**YOUR ASSIGNMENT**
Go through the entries below from the first line and transcribe each one exactly, ending with the line that contains "libraries: neural x528, simulink x1".
----
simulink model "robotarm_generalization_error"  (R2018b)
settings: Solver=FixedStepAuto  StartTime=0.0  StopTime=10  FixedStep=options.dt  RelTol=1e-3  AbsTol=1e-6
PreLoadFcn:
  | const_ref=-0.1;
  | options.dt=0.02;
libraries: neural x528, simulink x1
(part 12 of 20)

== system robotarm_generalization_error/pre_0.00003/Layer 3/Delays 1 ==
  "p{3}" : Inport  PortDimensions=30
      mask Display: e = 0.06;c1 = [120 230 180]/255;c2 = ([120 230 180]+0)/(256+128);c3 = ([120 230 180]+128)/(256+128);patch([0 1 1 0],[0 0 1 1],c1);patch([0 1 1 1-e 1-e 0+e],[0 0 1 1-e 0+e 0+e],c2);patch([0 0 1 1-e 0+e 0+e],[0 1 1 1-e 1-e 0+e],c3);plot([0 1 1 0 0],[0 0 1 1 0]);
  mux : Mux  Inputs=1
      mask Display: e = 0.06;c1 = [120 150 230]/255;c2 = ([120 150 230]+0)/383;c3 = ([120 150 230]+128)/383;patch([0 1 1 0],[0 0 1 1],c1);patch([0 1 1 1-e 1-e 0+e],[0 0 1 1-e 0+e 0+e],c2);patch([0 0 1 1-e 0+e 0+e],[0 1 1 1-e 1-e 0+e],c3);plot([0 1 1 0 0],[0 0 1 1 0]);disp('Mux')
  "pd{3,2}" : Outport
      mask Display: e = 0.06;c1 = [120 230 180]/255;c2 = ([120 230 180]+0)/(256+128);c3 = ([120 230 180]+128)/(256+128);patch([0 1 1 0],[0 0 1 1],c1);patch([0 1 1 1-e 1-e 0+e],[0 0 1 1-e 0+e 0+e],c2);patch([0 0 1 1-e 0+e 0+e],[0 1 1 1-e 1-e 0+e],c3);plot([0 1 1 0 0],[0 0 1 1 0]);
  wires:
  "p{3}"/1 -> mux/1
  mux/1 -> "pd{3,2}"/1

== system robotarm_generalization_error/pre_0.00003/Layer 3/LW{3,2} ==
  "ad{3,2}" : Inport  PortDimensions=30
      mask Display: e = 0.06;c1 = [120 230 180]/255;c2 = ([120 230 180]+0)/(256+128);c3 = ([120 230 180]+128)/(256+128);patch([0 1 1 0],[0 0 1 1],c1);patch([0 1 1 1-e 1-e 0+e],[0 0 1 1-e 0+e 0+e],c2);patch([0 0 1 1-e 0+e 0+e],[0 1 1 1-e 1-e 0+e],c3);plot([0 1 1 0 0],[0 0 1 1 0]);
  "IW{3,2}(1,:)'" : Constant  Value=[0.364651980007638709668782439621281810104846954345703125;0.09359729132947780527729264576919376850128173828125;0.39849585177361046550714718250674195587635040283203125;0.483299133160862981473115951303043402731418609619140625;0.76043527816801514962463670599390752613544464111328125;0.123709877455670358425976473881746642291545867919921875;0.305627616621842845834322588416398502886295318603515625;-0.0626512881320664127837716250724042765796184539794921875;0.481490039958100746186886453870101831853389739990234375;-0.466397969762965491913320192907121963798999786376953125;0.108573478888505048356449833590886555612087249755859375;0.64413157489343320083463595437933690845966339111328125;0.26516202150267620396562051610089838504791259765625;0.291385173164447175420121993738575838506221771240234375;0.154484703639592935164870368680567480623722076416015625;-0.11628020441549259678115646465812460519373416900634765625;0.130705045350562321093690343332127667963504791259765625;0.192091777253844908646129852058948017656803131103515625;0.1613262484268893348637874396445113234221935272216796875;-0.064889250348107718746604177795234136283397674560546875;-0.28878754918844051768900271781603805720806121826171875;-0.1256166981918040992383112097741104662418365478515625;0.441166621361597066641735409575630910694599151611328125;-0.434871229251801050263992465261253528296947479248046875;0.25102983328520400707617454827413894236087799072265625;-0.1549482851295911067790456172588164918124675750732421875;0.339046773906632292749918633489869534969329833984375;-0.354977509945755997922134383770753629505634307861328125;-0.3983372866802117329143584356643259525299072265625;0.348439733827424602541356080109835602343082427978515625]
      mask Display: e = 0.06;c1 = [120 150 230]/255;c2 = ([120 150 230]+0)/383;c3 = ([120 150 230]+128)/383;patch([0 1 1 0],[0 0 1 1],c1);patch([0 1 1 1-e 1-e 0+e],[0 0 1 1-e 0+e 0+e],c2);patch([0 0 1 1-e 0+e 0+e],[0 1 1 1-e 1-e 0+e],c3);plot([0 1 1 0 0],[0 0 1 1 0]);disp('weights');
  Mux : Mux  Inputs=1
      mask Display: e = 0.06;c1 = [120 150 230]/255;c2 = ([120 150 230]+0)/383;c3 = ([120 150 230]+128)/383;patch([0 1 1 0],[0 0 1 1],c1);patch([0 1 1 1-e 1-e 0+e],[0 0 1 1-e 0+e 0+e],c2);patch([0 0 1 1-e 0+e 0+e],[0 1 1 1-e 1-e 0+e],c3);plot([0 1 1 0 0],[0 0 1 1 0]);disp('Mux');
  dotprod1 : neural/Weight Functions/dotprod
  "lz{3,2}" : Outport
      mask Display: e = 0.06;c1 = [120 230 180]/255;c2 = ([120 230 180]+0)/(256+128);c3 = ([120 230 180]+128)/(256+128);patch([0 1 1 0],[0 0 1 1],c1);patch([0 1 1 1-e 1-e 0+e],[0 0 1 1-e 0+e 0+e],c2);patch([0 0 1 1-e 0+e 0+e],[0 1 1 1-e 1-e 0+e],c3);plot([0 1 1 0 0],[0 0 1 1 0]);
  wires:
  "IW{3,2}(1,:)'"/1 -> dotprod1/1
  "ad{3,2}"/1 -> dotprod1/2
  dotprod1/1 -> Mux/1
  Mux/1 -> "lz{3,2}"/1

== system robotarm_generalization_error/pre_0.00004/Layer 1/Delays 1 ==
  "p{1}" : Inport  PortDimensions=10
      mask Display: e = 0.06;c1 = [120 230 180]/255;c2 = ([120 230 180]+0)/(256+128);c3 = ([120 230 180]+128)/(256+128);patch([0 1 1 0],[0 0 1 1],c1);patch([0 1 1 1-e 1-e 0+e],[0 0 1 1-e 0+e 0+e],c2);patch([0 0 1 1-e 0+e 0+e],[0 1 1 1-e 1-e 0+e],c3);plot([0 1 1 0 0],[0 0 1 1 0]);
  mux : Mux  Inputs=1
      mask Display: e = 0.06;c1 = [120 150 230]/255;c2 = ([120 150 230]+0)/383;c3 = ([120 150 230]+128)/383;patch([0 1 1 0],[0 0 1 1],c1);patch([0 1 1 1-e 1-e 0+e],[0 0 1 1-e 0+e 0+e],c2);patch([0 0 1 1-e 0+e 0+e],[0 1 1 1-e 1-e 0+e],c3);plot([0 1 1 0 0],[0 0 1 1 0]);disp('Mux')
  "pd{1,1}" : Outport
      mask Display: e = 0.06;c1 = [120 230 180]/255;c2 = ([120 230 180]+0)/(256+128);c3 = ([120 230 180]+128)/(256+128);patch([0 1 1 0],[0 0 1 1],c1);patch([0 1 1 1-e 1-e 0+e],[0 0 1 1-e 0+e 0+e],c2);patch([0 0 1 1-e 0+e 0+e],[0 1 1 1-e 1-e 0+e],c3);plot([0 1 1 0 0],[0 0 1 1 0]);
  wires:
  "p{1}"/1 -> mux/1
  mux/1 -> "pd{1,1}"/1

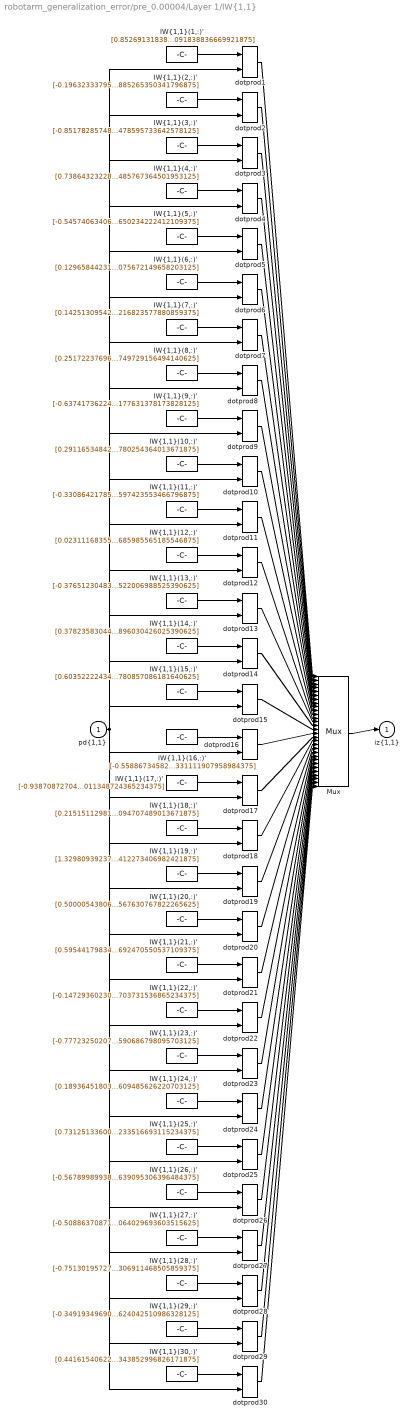
== system robotarm_generalization_error/pre_0.00004/Layer 1/IW{1,1} ==
  "pd{1,1}" : Inport  PortDimensions=10
      mask Display: e = 0.06;c1 = [120 230 180]/255;c2 = ([120 230 180]+0)/(256+128);c3 = ([120 230 180]+128)/(256+128);patch([0 1 1 0],[0 0 1 1],c1);patch([0 1 1 1-e 1-e 0+e],[0 0 1 1-e 0+e 0+e],c2);patch([0 0 1 1-e 0+e 0+e],[0 1 1 1-e 1-e 0+e],c3);plot([0 1 1 0 0],[0 0 1 1 0]);
  "IW{1,1}(1,:)'" : Constant  Value=[0.85269131838291956082542810690938495099544525146484375;0.841981756605793663084114086814224720001220703125;0.331962437287081801873256381441024132072925567626953125;0.27525840899203724010391169940703548491001129150390625;0.73414190805789047988838547098566778004169464111328125;-0.1787371875469097037836263552890159189701080322265625;0.653768958712303227542861350229941308498382568359375;0.331173327192727684487039141458808444440364837646484375;0.88652828404312611354498585569672286510467529296875;0.166520380073901186346319036601926200091838836669921875]
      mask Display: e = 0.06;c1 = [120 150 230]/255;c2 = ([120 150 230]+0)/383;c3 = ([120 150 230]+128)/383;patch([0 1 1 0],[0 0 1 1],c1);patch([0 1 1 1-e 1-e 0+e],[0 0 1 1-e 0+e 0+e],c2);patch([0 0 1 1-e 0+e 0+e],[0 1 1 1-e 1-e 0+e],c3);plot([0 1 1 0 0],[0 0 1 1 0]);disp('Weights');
----
**SOLUTION**
simulink model "robotarm_generalization_error"  (R2018b)
settings: Solver=FixedStepAuto  StartTime=0.0  StopTime=10  FixedStep=options.dt  RelTol=1e-3  AbsTol=1e-6
PreLoadFcn:
  | const_ref=-0.1;
  | options.dt=0.02;
libraries: neural x528, simulink x1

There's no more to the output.